|
forum.optyczne.pl
|
 |
Lornetki - lornetka uszczelniona z azotem - jak sprawdzić szczelność
ppv - Pią 13 Wrz, 2019 Temat postu: lornetka uszczelniona z azotem - jak sprawdzić szczelność Czy da się w prosty sposób sprawdzić czy lornetka się nie rozszczelniła?
nie narażając oczywiście na zniszczenie np. celowo zanurzając w wodzie, zakładając że na oko nie widać jeszcze paprochów i nie zauważyło się parowania
Arek - Sob 14 Wrz, 2019
Nie znam takiego sposobu. Na szczęście każda lornetka jest uszczelniona azotem w 78%
Maciek - Sob 14 Wrz, 2019
Jest sposób sprawdzenia szczelności, choć rzekłbym - ostateczny.
Wystarczy włożyć ciepłą lornetkę do zimnej wody.

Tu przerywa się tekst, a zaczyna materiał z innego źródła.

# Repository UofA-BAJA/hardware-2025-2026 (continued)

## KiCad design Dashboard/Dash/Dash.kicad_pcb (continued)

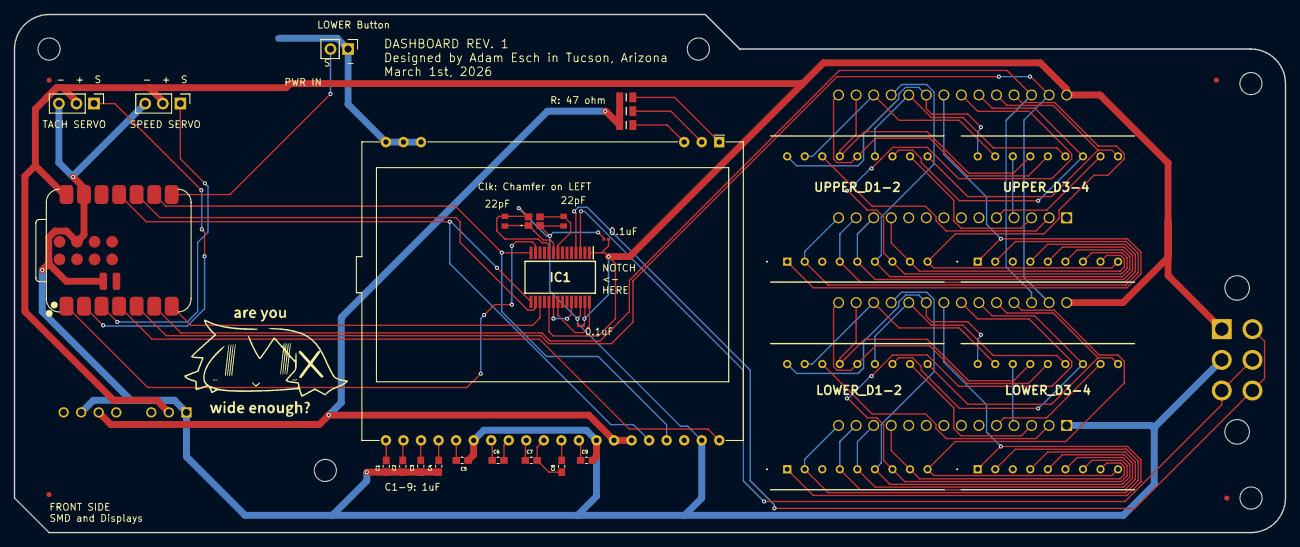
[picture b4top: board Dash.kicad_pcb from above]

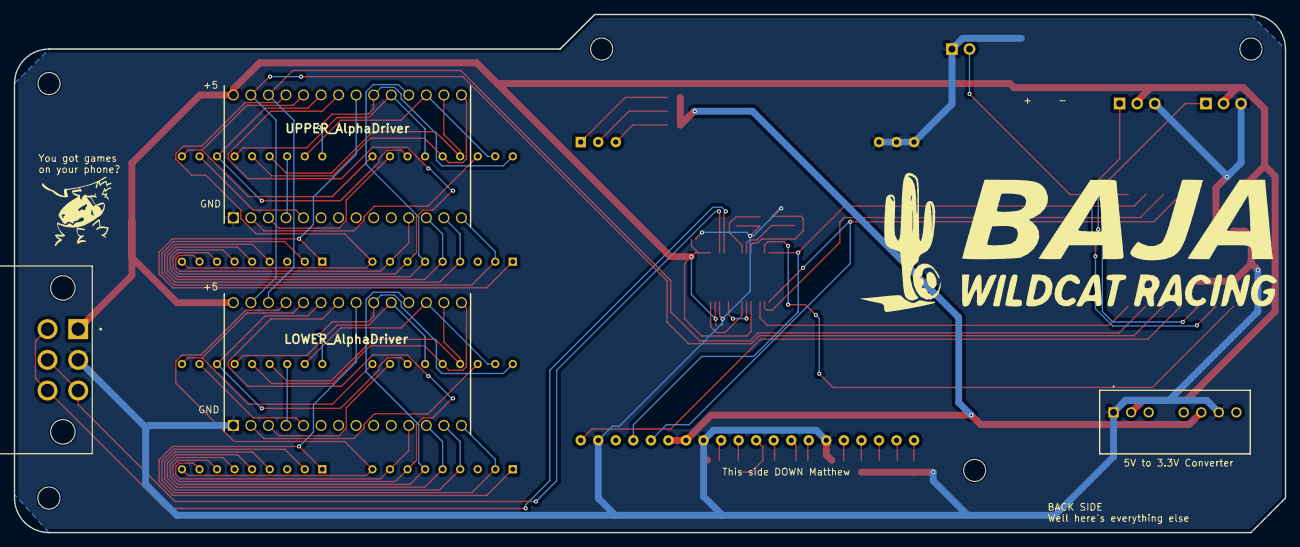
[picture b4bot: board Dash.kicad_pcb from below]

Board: 2 copper layers, 184.0 x 75.0 mm, 31 parts (4 on the bottom side), 72 nets.

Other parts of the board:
LOWER_AlphaDriver: Alphanumeric Driver LOWER; DIP1778W100P254L3556H630Q28N
UPPER_AlphaDriver: Alphanumeric Driver UPPER; DIP1778W100P254L3556H630Q28N

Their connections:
+5V: LOWER_AlphaDriver.28 (VDD), UPPER_AlphaDriver.28 (VDD); also elsewhere on the board
COM_Digit1_LOWER: LOWER_AlphaDriver.2 (C0); also elsewhere on the board
COM_Digit1_UPPER: UPPER_AlphaDriver.2 (C0); also elsewhere on the board
COM_Digit2_LOWER: LOWER_AlphaDriver.3 (C1); also elsewhere on the board
COM_Digit2_UPPER: UPPER_AlphaDriver.3 (C1); also elsewhere on the board
COM_Digit3_LOWER: LOWER_AlphaDriver.4 (C2); also elsewhere on the board
COM_Digit3_UPPER: UPPER_AlphaDriver.4 (C2); also elsewhere on the board
COM_Digit4_LOWER: LOWER_AlphaDriver.5 (C3); also elsewhere on the board
COM_Digit4_UPPER: UPPER_AlphaDriver.5 (C3); also elsewhere on the board
GND: LOWER_AlphaDriver.1 (GND), UPPER_AlphaDriver.1 (GND); also elsewhere on the board
ROW0_LOWER: LOWER_AlphaDriver.23 (A2); also elsewhere on the board
ROW0_UPPER: UPPER_AlphaDriver.23 (A2); also elsewhere on the board
ROW1_LOWER: LOWER_AlphaDriver.24 (A1); also elsewhere on the board
ROW1_UPPER: UPPER_AlphaDriver.24 (A1); also elsewhere on the board
ROW2_LOWER: LOWER_AlphaDriver.25 (A0); also elsewhere on the board
ROW2_UPPER: UPPER_AlphaDriver.25 (A0); also elsewhere on the board
ROW3_LOWER: LOWER_AlphaDriver.22 (A3); also elsewhere on the board
ROW3_UPPER: UPPER_AlphaDriver.22 (A3); also elsewhere on the board
ROW4_LOWER: LOWER_AlphaDriver.21 (A4); also elsewhere on the board
ROW4_UPPER: UPPER_AlphaDriver.21 (A4); also elsewhere on the board
ROW5_LOWER: LOWER_AlphaDriver.20 (A5); also elsewhere on the board
ROW5_UPPER: UPPER_AlphaDriver.20 (A5); also elsewhere on the board
ROW6_LOWER: LOWER_AlphaDriver.19 (A6); also elsewhere on the board
ROW6_UPPER: UPPER_AlphaDriver.19 (A6); also elsewhere on the board
ROW7_LOWER: LOWER_AlphaDriver.18 (A7); also elsewhere on the board
ROW7_UPPER: UPPER_AlphaDriver.18 (A7); also elsewhere on the board
ROW8_LOWER: LOWER_AlphaDriver.17 (A8); also elsewhere on the board
ROW8_UPPER: UPPER_AlphaDriver.17 (A8); also elsewhere on the board
ROW9_LOWER: LOWER_AlphaDriver.16 (A9); also elsewhere on the board
ROW9_UPPER: UPPER_AlphaDriver.16 (A9); also elsewhere on the board
ROW10_LOWER: LOWER_AlphaDriver.15 (A10); also elsewhere on the board
ROW10_UPPER: UPPER_AlphaDriver.15 (A10); also elsewhere on the board
ROW11_LOWER: LOWER_AlphaDriver.14 (A11); also elsewhere on the board
ROW11_UPPER: UPPER_AlphaDriver.14 (A11); also elsewhere on the board
ROW12_LOWER: LOWER_AlphaDriver.13 (A12); also elsewhere on the board
ROW12_UPPER: UPPER_AlphaDriver.13 (A12); also elsewhere on the board
ROW13_LOWER: LOWER_AlphaDriver.12 (A13); also elsewhere on the board
ROW13_UPPER: UPPER_AlphaDriver.12 (A13); also elsewhere on the board
ROW14_LOWER: LOWER_AlphaDriver.11 (A14); also elsewhere on the board
ROW14_UPPER: UPPER_AlphaDriver.11 (A14); also elsewhere on the board
SCL: LOWER_AlphaDriver.26 (SCL), UPPER_AlphaDriver.26 (SCL); also elsewhere on the board
SDA: LOWER_AlphaDriver.27 (SDA), UPPER_AlphaDriver.27 (SDA); also elsewhere on the board

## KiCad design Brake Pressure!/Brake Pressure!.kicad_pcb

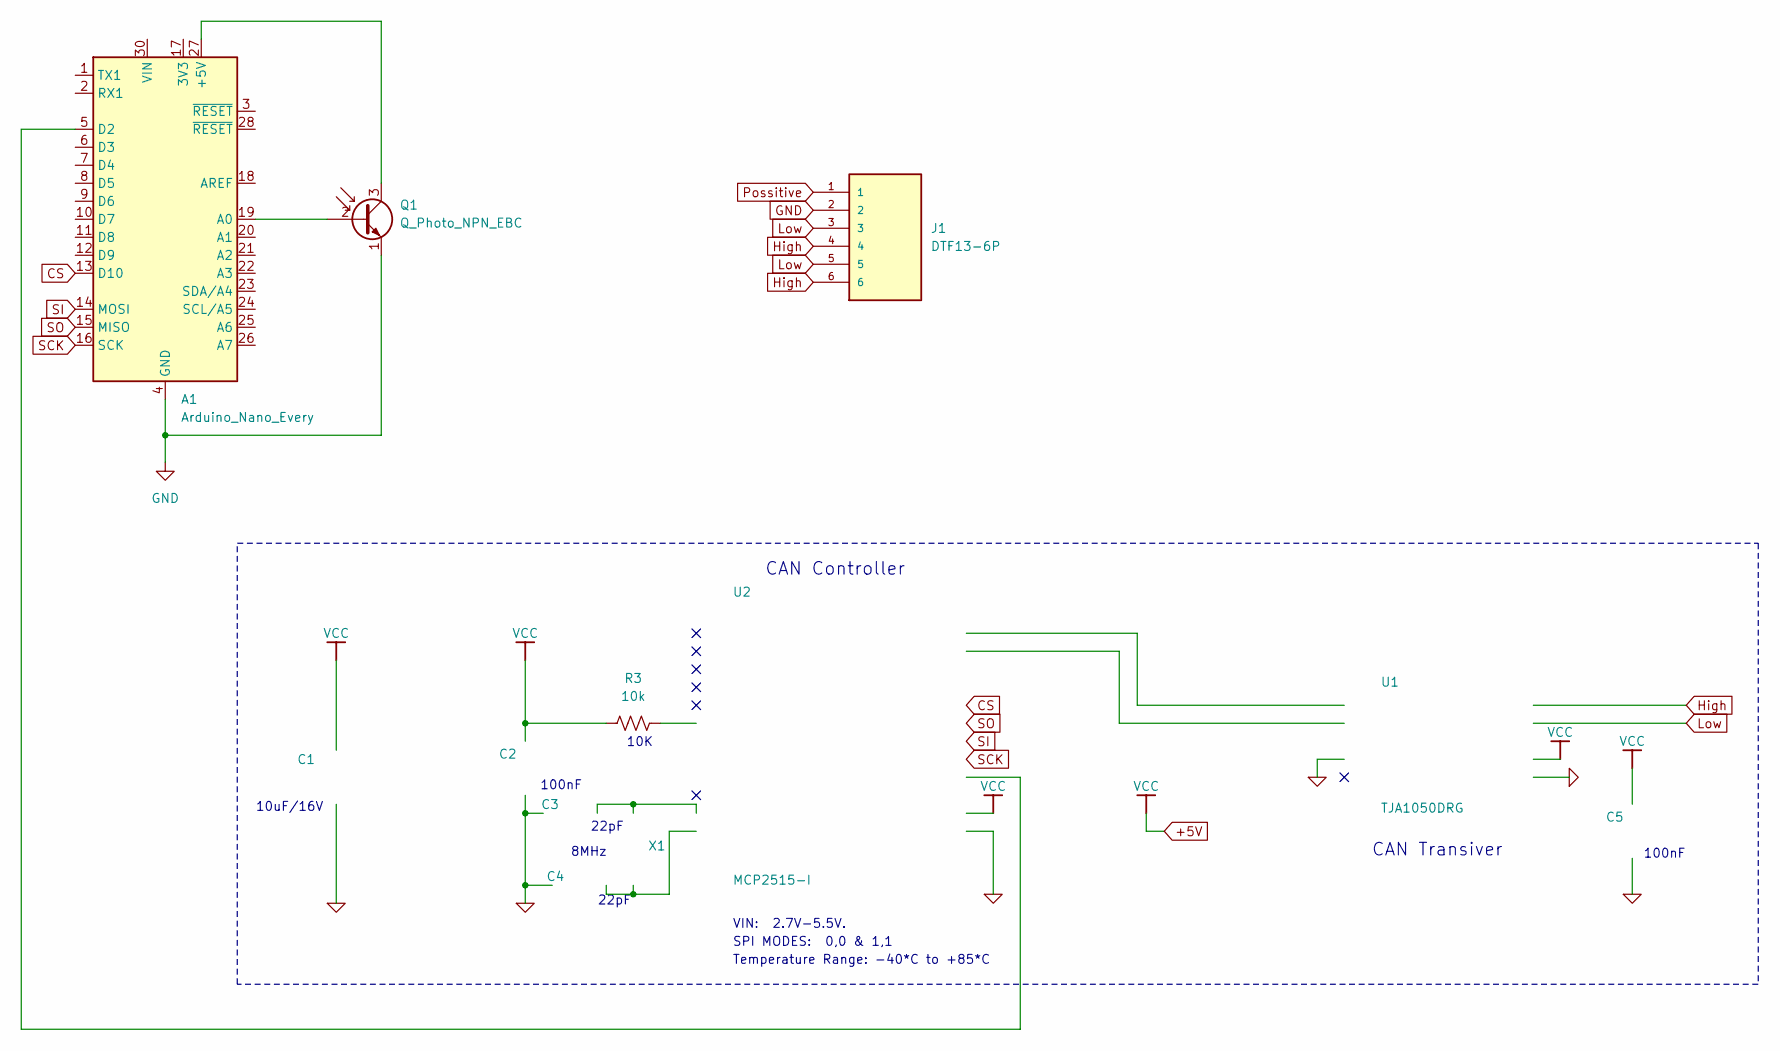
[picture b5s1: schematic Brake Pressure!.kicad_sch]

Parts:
A1: Arduino_Nano_Every; Arduino_Nano
C1: 10uF/16V; CP_EIA-1608-08_AVX-J
C2, C5: 100nF; C_0603_1608Metric; PART NUMBER C0603-N.C.
C3, C4: 22pF; C_0603_1608Metric; PART NUMBER C0603-N.C.
J1: DTF13-6P; TE_DTF13-6P; PARTREV B
Q1: Q_Photo_NPN_EBC; TO-3P-3_Vertical
R3: 10k; R_Axial_DIN0204_L3.6mm_D1.6mm_P7.62mm_Horizontal
U1: TJA1050DRG; SOIC-8_5.3x5.3mm_P1.27mm; MANUFACTURER PART TJA1050DRG; LCSC PART NAME TJA1050DRG
U2: MCP2515-I; SOIC-18W_7.5x11.6mm_P1.27mm; MANUFACTURER PART MCP2515-I; JLCPCB PART CLASS Extended Part
X1: 8MHz; Crystal_SMD_HC49-SD

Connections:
0: C1.2, C2.1, C3.2, C4.2, C5.1, U1.2 (GND), U1.8 (STB), U2.9 (VSS)
+5V: C1.1, C2.2, C5.2, R3.1, U1.3 (VCC), U2.18 (VDD)
CS: A1.13 (D10), U2.16 (~CS)
GND: A1.4 (GND), A1.29 (GND), J1.2, Q1.1 (E)
High: J1.4, J1.6, U1.7 (CANH)
Low: J1.3, J1.5, U1.6 (CANL)
unnamed: A1.27 (+5V), Q1.3 (C)
unnamed: A1.19 (A0), Q1.2 (B)
unnamed: A1.5 (D2), U2.12 (~INT)
unnamed: U1.4 (RXD), U2.2 (RXCAN)
unnamed: U1.1 (TXD), U2.1 (TXCAN)
unnamed: C4.1, U2.8 (OSC1), X1.1
unnamed: C3.1, U2.7 (OSC2), X1.2
unnamed: R3.2, U2.17 (~RESET)
Possitive: J1.1
SCK: A1.16 (SCK), U2.13 (SCK)
SI: A1.14 (MOSI), U2.14 (SI)
SO: A1.15 (MISO), U2.15 (SO)

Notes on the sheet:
CAN Transiver
22pF
100nF
VIN: 2.7V-5.5V.
CAN Controller
10K
Temperature Range: -40*C to +85*C
8MHz
10uF/16V
SPI MODES: 0,0 & 1,1

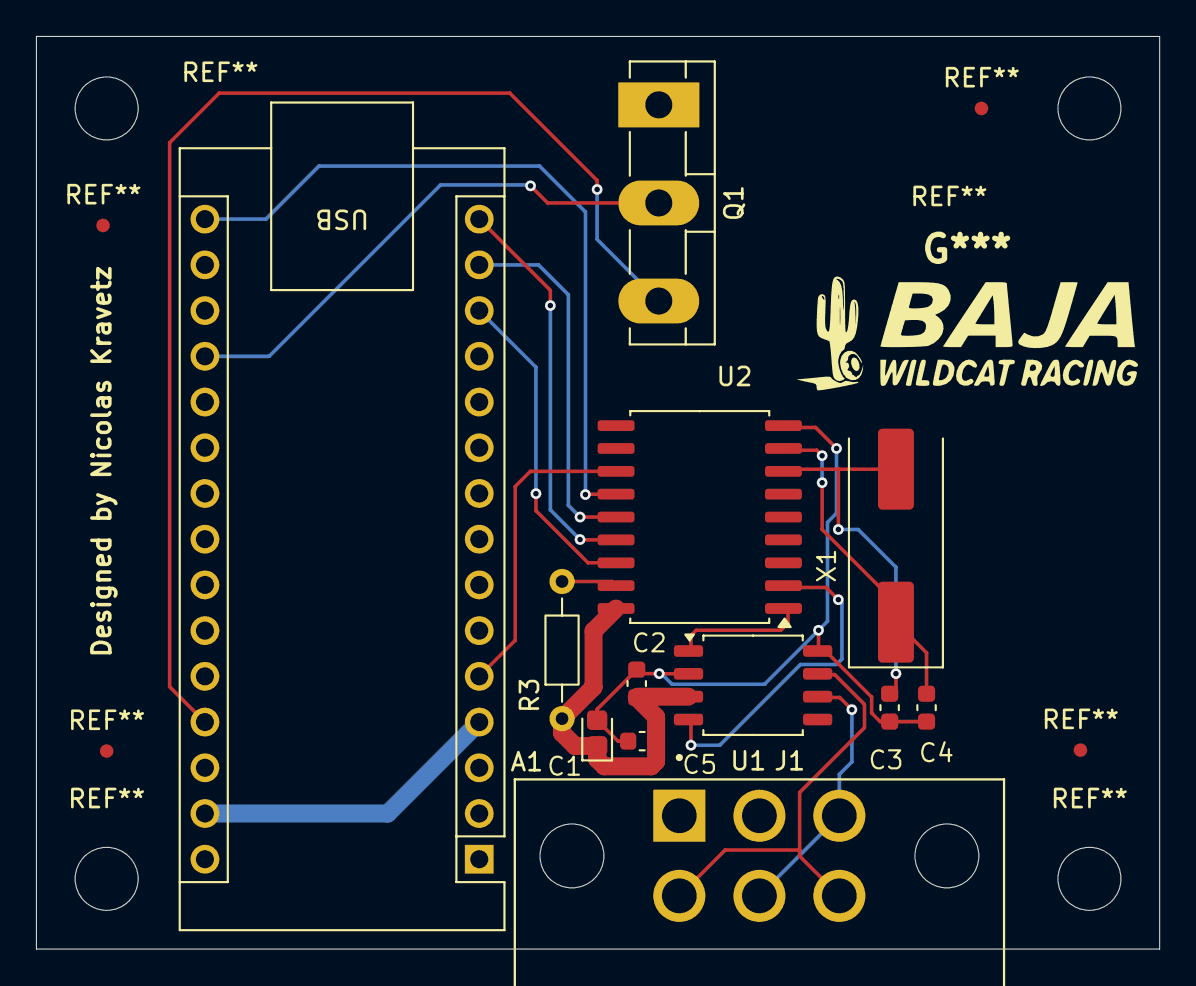
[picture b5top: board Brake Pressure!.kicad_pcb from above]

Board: 2 copper layers, 62.4 x 50.7 mm, 12 parts (0 on the bottom side), 17 nets.

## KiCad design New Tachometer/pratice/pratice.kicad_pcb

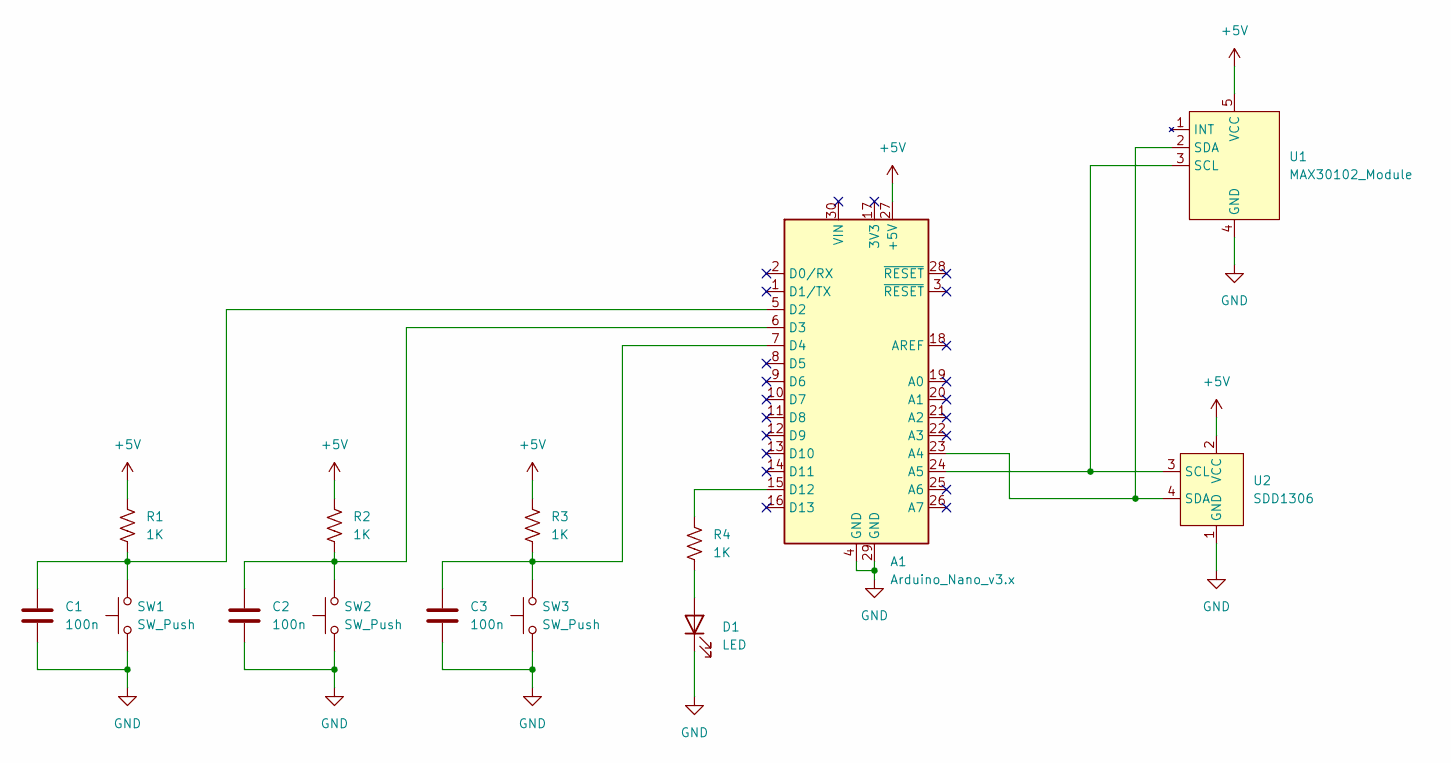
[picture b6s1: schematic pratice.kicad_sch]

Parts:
A1: Arduino_Nano_v3.x; Arduino_Nano
C1, C2, C3: 100n; C_Disc_D4.7mm_W2.5mm_P5.00mm
D1: LED; LED_D5.0mm
R1, R2, R3, R4: 1K; R_Axial_DIN0207_L6.3mm_D2.5mm_P7.62mm_Horizontal
SW1, SW2, SW3: SW_Push; SW_PUSH_6mm
U1: MAX30102_Module
U2: SDD1306; SSD1306

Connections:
+5V: A1.27 (+5V), R1.1, R2.1, R3.1, U1.5 (VCC), U2.2 (VCC)
GND: A1.4 (GND), A1.29 (GND), C1.2, C2.2, C3.2, D1.1 (K), SW1.1, SW2.1, SW3.1, U1.4 (GND), U2.1 (GND)
unnamed: A1.23 (A4), U1.2 (SDA), U2.4 (SDA)
unnamed: A1.24 (A5), U1.3 (SCL), U2.3 (SCL)
unnamed: A1.5 (D2), C1.1, R1.2, SW1.2
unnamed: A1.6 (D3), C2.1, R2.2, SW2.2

Sorry, nie doczytałem pytania do końca
ppv - Sob 14 Wrz, 2019
jak jest na gwarancji to można taką próbę zanurzeniową zrobić, jednak szoku termicznego mimo wszystko bym nie próbował
TRYTON7 - Wto 17 Wrz, 2019
Podtlenek azotu rozwesela a wiec jak będziesz ja trzymał blisko nos i nie będzie Ci do śmiechu tzn. ze masz szczelną lornetkę
Żartuję...
najszybciej sprawdzisz w zimie jak przyłożysz ciepłe oko do chłodnego okularu ... brak zaparowania będzie oznaczał ze N2 jeszcze w niej siedzi.
T
Chomsky - Wto 17 Wrz, 2019
Ale azot jest w środku, więc przyłożenie oka z zewnątrz może dać normalne zaparowania na zewnętrznej powierzchni soczewki okularu, która nie ma przecież kontaktu z azotem.
Pozdr. Ch.
ppv - Wto 17 Wrz, 2019
TRYTON7 napisał/a: |
najszybciej sprawdzisz w zimie jak przyłożysz ciepłe oko do chłodnego okularu ... brak zaparowania będzie oznaczał ze N2 jeszcze w niej siedzi. |
oko od środka przyłożyć? a jak oko za suche?
ppv - Wto 17 Wrz, 2019
TRYTON7 napisał/a: | jak przyłożysz ciepłe oko do chłodnego okularu |
hm, w sumie jak mocno by chłodzić lornetkę to mamy zimę, wyciągając na ciepełko powinna zaparować, jak jest nieszczelna to powinna zaparować z obu stron...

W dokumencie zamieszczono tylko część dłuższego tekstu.